The data -
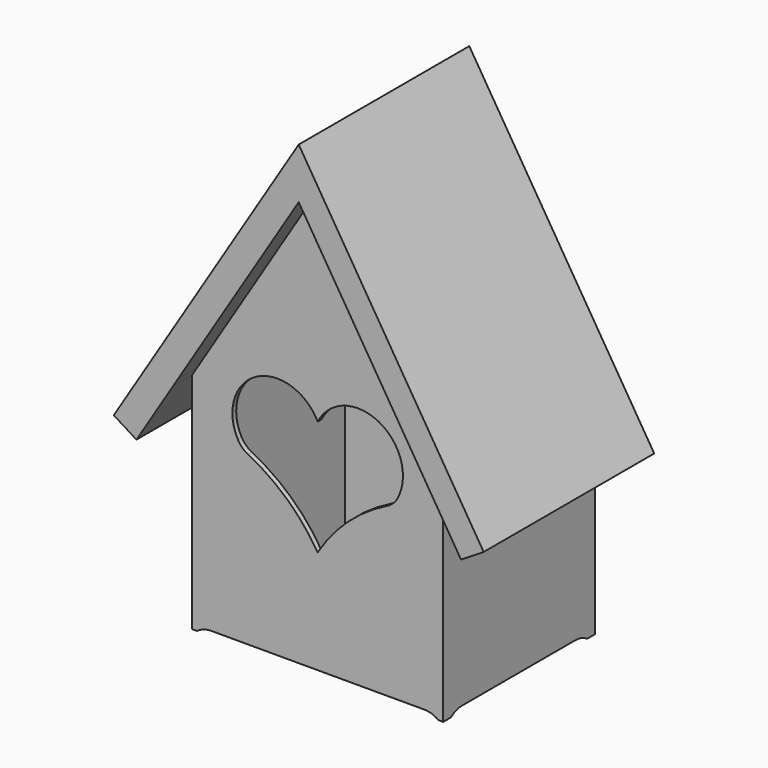
from build123d import *

# Parameters (mm, degrees)
F0_W         = 50.964426635
F0_H         = 1
F1_DEPTH     = 40
F2_DEPTH     = 45
F3_DEPTH     = 5
F4_START     = 1
F4_DEPTH     = 44.001
F6_START     = 1
F6_DEPTH     = 38
F7_START     = 1
F7_DEPTH     = 44.001
F9_DEPTH     = 25
F11_DEPTH    = 25
F12_T1_DEPTH = 1
F12_T3_DEPTH = 1


# Not quite as in the source:
# - a fillet or chamfer that OpenCascade refuses, or shapes differently, is made with other operations: its cross-section is extruded or revolved along the edge and cut away or added


with BuildPart() as f1:
    # F0 (on Front) → F1 (new body)
    with BuildSketch(Plane.XZ):
        Polygon((25.4822133175, 48.8744375096), (0, 90), (-25.4822133175, 48.8744375096), (-25.4822133175, 1), (25.4822133175, 1), align=None)
        with BuildLine():
            ThreePointArc((-16.8351454988, 38.3754507383), (-12.9010914993, 51.3524985976), (0, 47.1760898363))
            ThreePointArc((0, 47.1760898363), (12.8897582031, 51.3584134172), (16.847382477, 38.3979000332))
            ThreePointArc((16.847382477, 38.3979000332), (15.916282128, 37.1777103045), (14.6589247027, 36.2974471967))
            ThreePointArc((14.6589247027, 36.2974471967), (6.3677193864, 30.6369091459), (0, 22.8755995631))
            ThreePointArc((0, 22.8755995631), (-6.3946665322, 30.6177021843), (-14.6752906719, 36.297770574))
            ThreePointArc((-14.6752906719, 36.297770574), (-15.914547628, 37.1709794451), (-16.8351454988, 38.3754507383))
        make_face(mode=Mode.SUBTRACT)
        with BuildLine():
            Line((-2.5, 73.7544666829), (-2.5, 77.2864818573))
            ThreePointArc((-2.5, 77.2864818573), (0, 79.7864818573), (2.5, 77.2864818573))
            Line((2.5, 77.2864818573), (2.5, 73.7544666829))
            ThreePointArc((2.5, 73.7544666829), (0, 67.8049769402), (-2.5, 73.7544666829))
        make_face(mode=Mode.SUBTRACT)
        with BuildLine():
            ThreePointArc((16.847382477, 38.3979000332), (12.8897582031, 51.3584134172), (0, 47.1760898363))
            ThreePointArc((0, 47.1760898363), (-12.9010914993, 51.3524985976), (-16.8351454988, 38.3754507383))
            ThreePointArc((-16.8351454988, 38.3754507383), (-15.914547628, 37.1709794451), (-14.6752906719, 36.297770574))
            ThreePointArc((-14.6752906719, 36.297770574), (-6.3946665322, 30.6177021843), (0, 22.8755995631))
            ThreePointArc((0, 22.8755995631), (6.3677193864, 30.6369091459), (14.6589247027, 36.2974471967))
            ThreePointArc((14.6589247027, 36.2974471967), (15.916282128, 37.1777103045), (16.847382477, 38.3979000332))
        make_face()
        with BuildLine():
            ThreePointArc((2.5, 77.2864818573), (0, 79.7864818573), (-2.5, 77.2864818573))
            Line((-2.5, 77.2864818573), (-2.5, 73.7544666829))
            ThreePointArc((-2.5, 73.7544666829), (0, 67.8049769402), (2.5, 73.7544666829))
            Line((2.5, 73.7544666829), (2.5, 77.2864818573))
        make_face()
        with Locations((0, 0.5)):
            Rectangle(F0_W, F0_H)
        Polygon((-25.4822133175, 1), (-25.4822133175, 48.8744375096), (-26.4822133175, 47.2605446354), (-26.4822133175, 0), (-25.4822133175, 0), align=None)
        Polygon((26.4822133175, 47.2605446354), (25.4822133175, 48.8744375096), (25.4822133175, 1), (25.4822133175, 0), (26.4822133175, 0), align=None)
    extrude(amount=F1_DEPTH)

    # F0 (on Front) → F2 (join)
    with BuildSketch(Plane.XZ):
        Polygon((-26.4822133175, 47.2605446354), (-25.4822133175, 48.8744375096), (-25.4822133175, 50.7730291479), (-34.5699527606, 36.1063912187), (-37.6622251316, 38.0224244453), (-25.4822133175, 57.679658719), (0, 98.8052212095), (25.4822133175, 57.679658719), (37.6622251316, 38.0224244453), (34.5699527606, 36.1063912187), (25.4822133175, 50.7730291479), (25.4822133175, 48.8744375096), (26.4822133175, 47.2605446354), (34.2466115735, 34.7296376181), (39.0389787322, 37.6990832582), (0, 100.7038128478), (-39.0389787322, 37.6990832582), (-34.2466115735, 34.7296376181), align=None)
        Polygon((-25.4822133175, 48.8744375096), (0, 90), (25.4822133175, 48.8744375096), (25.4822133175, 50.7730291479), (25.4822133175, 57.679658719), (0, 98.8052212095), (-25.4822133175, 57.679658719), (-25.4822133175, 50.7730291479), align=None)
        Polygon((-34.5699527606, 36.1063912187), (-25.4822133175, 50.7730291479), (-25.4822133175, 57.679658719), (-37.6622251316, 38.0224244453), align=None)
        Polygon((25.4822133175, 57.679658719), (25.4822133175, 50.7730291479), (34.5699527606, 36.1063912187), (37.6622251316, 38.0224244453), align=None)
    extrude(amount=F2_DEPTH)

    # F0 (on Front) → F3 (cut)
    with BuildSketch(Plane.XZ):
        with BuildLine():
            ThreePointArc((2.5, 77.2864818573), (0, 79.7864818573), (-2.5, 77.2864818573))
            Line((-2.5, 77.2864818573), (-2.5, 73.7544666829))
            ThreePointArc((-2.5, 73.7544666829), (0, 67.8049769402), (2.5, 73.7544666829))
            Line((2.5, 73.7544666829), (2.5, 77.2864818573))
        make_face()
        with Locations((0, 0.5)):
            Rectangle(F0_W, F0_H)
    extrude(amount=F3_DEPTH, mode=Mode.SUBTRACT)

    # F0 (on Front) → F4 (cut)
    with BuildSketch(Plane.XZ.offset(F4_START)):
        with BuildLine():
            ThreePointArc((16.847382477, 38.3979000332), (12.8897582031, 51.3584134172), (0, 47.1760898363))
            ThreePointArc((0, 47.1760898363), (-12.9010914993, 51.3524985976), (-16.8351454988, 38.3754507383))
            ThreePointArc((-16.8351454988, 38.3754507383), (-15.914547628, 37.1709794451), (-14.6752906719, 36.297770574))
            ThreePointArc((-14.6752906719, 36.297770574), (-6.3946665322, 30.6177021843), (0, 22.8755995631))
            ThreePointArc((0, 22.8755995631), (6.3677193864, 30.6369091459), (14.6589247027, 36.2974471967))
            ThreePointArc((14.6589247027, 36.2974471967), (15.916282128, 37.1777103045), (16.847382477, 38.3979000332))
        make_face()
    extrude(amount=F4_DEPTH, mode=Mode.SUBTRACT)

    # F0 (on Front) → F6 (cut)
    with BuildSketch(Plane.XZ.offset(F6_START)):
        Polygon((25.4822133175, 48.8744375096), (0, 90), (-25.4822133175, 48.8744375096), (-25.4822133175, 1), (25.4822133175, 1), align=None)
        with BuildLine():
            ThreePointArc((-16.8351454988, 38.3754507383), (-12.9010914993, 51.3524985976), (0, 47.1760898363))
            ThreePointArc((0, 47.1760898363), (12.8897582031, 51.3584134172), (16.847382477, 38.3979000332))
            ThreePointArc((16.847382477, 38.3979000332), (15.916282128, 37.1777103045), (14.6589247027, 36.2974471967))
            ThreePointArc((14.6589247027, 36.2974471967), (6.3677193864, 30.6369091459), (0, 22.8755995631))
            ThreePointArc((0, 22.8755995631), (-6.3946665322, 30.6177021843), (-14.6752906719, 36.297770574))
            ThreePointArc((-14.6752906719, 36.297770574), (-15.914547628, 37.1709794451), (-16.8351454988, 38.3754507383))
        make_face(mode=Mode.SUBTRACT)
        with BuildLine():
            Line((-2.5, 73.7544666829), (-2.5, 77.2864818573))
            ThreePointArc((-2.5, 77.2864818573), (0, 79.7864818573), (2.5, 77.2864818573))
            Line((2.5, 77.2864818573), (2.5, 73.7544666829))
            ThreePointArc((2.5, 73.7544666829), (0, 67.8049769402), (-2.5, 73.7544666829))
        make_face(mode=Mode.SUBTRACT)
        Polygon((-25.4822133175, 48.8744375096), (0, 90), (25.4822133175, 48.8744375096), (25.4822133175, 50.7730291479), (25.4822133175, 57.679658719), (0, 98.8052212095), (-25.4822133175, 57.679658719), (-25.4822133175, 50.7730291479), align=None)
        with BuildLine():
            ThreePointArc((2.5, 77.2864818573), (0, 79.7864818573), (-2.5, 77.2864818573))
            Line((-2.5, 77.2864818573), (-2.5, 73.7544666829))
            ThreePointArc((-2.5, 73.7544666829), (0, 67.8049769402), (2.5, 73.7544666829))
            Line((2.5, 73.7544666829), (2.5, 77.2864818573))
        make_face()
        Polygon((-34.5699527606, 36.1063912187), (-25.4822133175, 50.7730291479), (-25.4822133175, 57.679658719), (-37.6622251316, 38.0224244453), align=None)
        Polygon((25.4822133175, 57.679658719), (25.4822133175, 50.7730291479), (34.5699527606, 36.1063912187), (37.6622251316, 38.0224244453), align=None)
        with Locations((0, 0.5)):
            Rectangle(F0_W, F0_H)
    extrude(amount=F6_DEPTH, mode=Mode.SUBTRACT)

    # F0 (on Front) → F7 (cut)
    with BuildSketch(Plane.XZ.offset(F7_START)):
        with Locations((0, 0.5)):
            Rectangle(F0_W, F0_H)
    extrude(amount=F7_DEPTH, mode=Mode.SUBTRACT)

    # F8 (on face) → F9 (cut)
    with BuildSketch(Plane(origin=(-26.4822133175, 0, 0), x_dir=(0, -1, 0), z_dir=(-1, 0, 0))):
        with BuildLine():
            Line((34.9282032303, 1), (5.0717967697, 1))
            ThreePointArc((5.0717967697, 1), (3.7777015442, 0.8296291314), (2.5717967697, 0.3301270189))
            Line((2.5717967697, 0.3301270189), (2, 0))
            Line((2, 0), (38, 0))
            Line((38, 0), (37.4282032303, 0.3301270189))
            ThreePointArc((37.4282032303, 0.3301270189), (36.2222984558, 0.8296291314), (34.9282032303, 1))
        make_face()
    extrude(amount=-F9_DEPTH, mode=Mode.SUBTRACT)

    # F10 (on face) → F11 (cut)
    with BuildSketch(Plane.YZ.offset(26.4822133175)):
        with BuildLine():
            Line((-37.4282032303, 0.3301270189), (-38, 0))
            Line((-38, 0), (-2, 0))
            Line((-2, 0), (-2.5717967697, 0.3301270189))
            ThreePointArc((-2.5717967697, 0.3301270189), (-3.7777015442, 0.8296291314), (-5.0717967697, 1))
            Line((-5.0717967697, 1), (-34.9282032303, 1))
            ThreePointArc((-34.9282032303, 1), (-36.2222984558, 0.8296291314), (-37.4282032303, 0.3301270189))
        make_face()
    extrude(amount=-F11_DEPTH, mode=Mode.SUBTRACT)

    # F12: fillet of radius 5 on 4 edges, made by hand

    # F12_s2 → F12_t1 (join)
    with BuildSketch(Plane.XZ):
        with BuildLine():
            ThreePointArc((25.4822133175, 0), (24.0633521476, 0.7434164903), (22.4822133175, 1))
            Line((22.4822133175, 1), (25.4822133175, 1))
            Line((25.4822133175, 1), (25.4822133175, 0))
        make_face()
        with BuildLine():
            ThreePointArc((-22.4822133175, 1), (-24.0633521476, 0.7434164903), (-25.4822133175, 0))
            Line((-25.4822133175, 0), (-25.4822133175, 1))
            Line((-25.4822133175, 1), (-22.4822133175, 1))
        make_face()
    extrude(amount=F12_T1_DEPTH)

    # F12_s4 → F12_t3 (join)
    with BuildSketch(Plane.XZ.offset(39)):
        with BuildLine():
            ThreePointArc((25.4822133175, 0), (24.0633521476, 0.7434164903), (22.4822133175, 1))
            Line((22.4822133175, 1), (25.4822133175, 1))
            Line((25.4822133175, 1), (25.4822133175, 0))
        make_face()
        with BuildLine():
            ThreePointArc((-25.4822133175, 0), (-24.0633521476, 0.7434164903), (-22.4822133175, 1))
            Line((-22.4822133175, 1), (-25.4822133175, 1))
            Line((-25.4822133175, 1), (-25.4822133175, 0))
        make_face()
    extrude(amount=F12_T3_DEPTH)


solid = f1.part

Try it - Counting only lines that hold the string "Front", give the number of such lines in the records. Write nothing else.

Output for this exercise - 6